*** Opening Records supplied ***
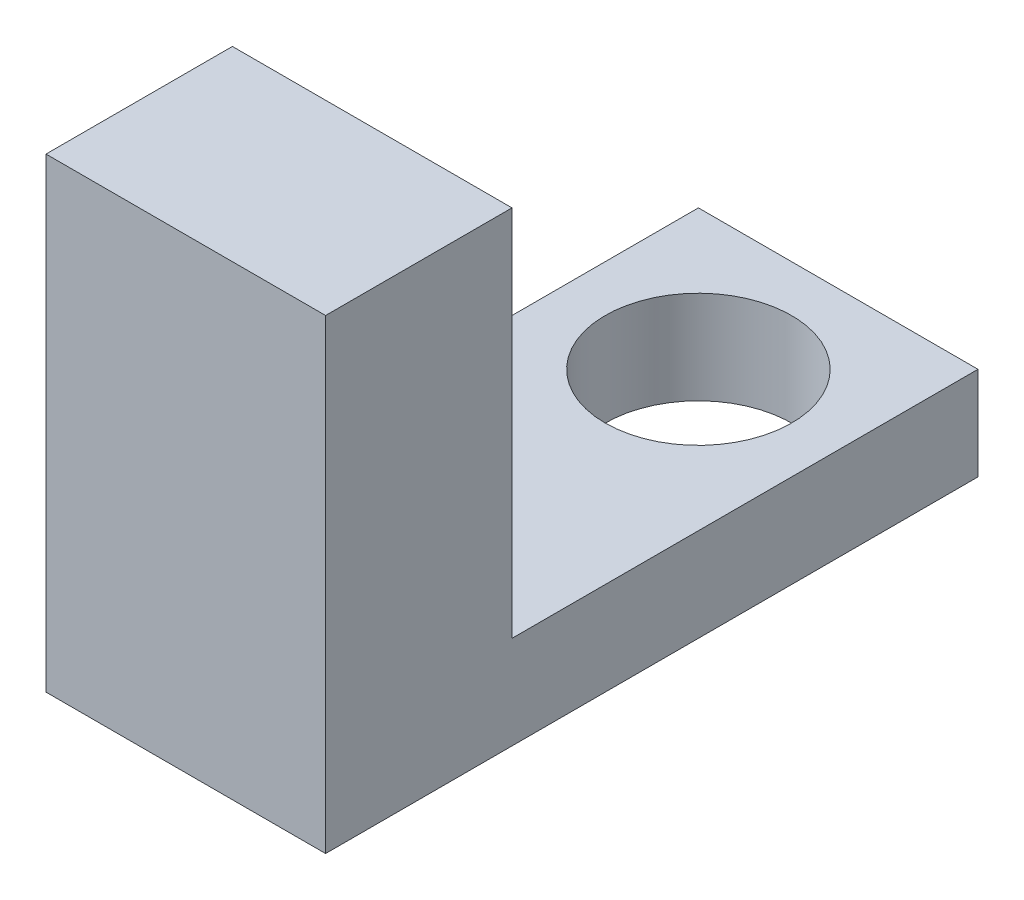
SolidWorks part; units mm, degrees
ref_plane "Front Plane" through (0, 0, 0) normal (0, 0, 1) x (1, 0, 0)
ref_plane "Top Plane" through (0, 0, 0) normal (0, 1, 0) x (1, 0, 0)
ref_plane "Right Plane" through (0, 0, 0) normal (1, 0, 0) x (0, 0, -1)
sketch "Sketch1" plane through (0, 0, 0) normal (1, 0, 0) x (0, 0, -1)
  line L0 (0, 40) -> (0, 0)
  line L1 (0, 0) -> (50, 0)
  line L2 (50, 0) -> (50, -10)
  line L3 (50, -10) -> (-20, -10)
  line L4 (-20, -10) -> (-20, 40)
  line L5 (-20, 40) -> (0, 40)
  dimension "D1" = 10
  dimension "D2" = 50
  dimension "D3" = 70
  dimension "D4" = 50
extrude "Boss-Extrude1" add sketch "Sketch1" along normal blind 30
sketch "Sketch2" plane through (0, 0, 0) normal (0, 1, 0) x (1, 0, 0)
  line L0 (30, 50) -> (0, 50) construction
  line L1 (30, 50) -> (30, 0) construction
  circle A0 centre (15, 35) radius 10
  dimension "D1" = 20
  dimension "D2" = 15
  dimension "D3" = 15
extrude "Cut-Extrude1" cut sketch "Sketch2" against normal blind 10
*** Closing Records supplied ***
• What you have to do
Copy out all the data exactly, skipping the pictures.

• Exercise result
SolidWorks part; units mm, degrees
ref_plane "Front Plane" through (0, 0, 0) normal (0, 0, 1) x (1, 0, 0)
ref_plane "Top Plane" through (0, 0, 0) normal (0, 1, 0) x (1, 0, 0)
ref_plane "Right Plane" through (0, 0, 0) normal (1, 0, 0) x (0, 0, -1)
sketch "Sketch1" plane through (0, 0, 0) normal (1, 0, 0) x (0, 0, -1)
  line L0 (0, 40) -> (0, 0)
  line L1 (0, 0) -> (50, 0)
  line L2 (50, 0) -> (50, -10)
  line L3 (50, -10) -> (-20, -10)
  line L4 (-20, -10) -> (-20, 40)
  line L5 (-20, 40) -> (0, 40)
  dimension "D1" = 10
  dimension "D2" = 50
  dimension "D3" = 70
  dimension "D4" = 50
extrude "Boss-Extrude1" add sketch "Sketch1" along normal blind 30
sketch "Sketch2" plane through (0, 0, 0) normal (0, 1, 0) x (1, 0, 0)
  line L0 (30, 50) -> (0, 50) construction
  line L1 (30, 50) -> (30, 0) construction
  circle A0 centre (15, 35) radius 10
  dimension "D1" = 20
  dimension "D2" = 15
  dimension "D3" = 15
extrude "Cut-Extrude1" cut sketch "Sketch2" against normal blind 10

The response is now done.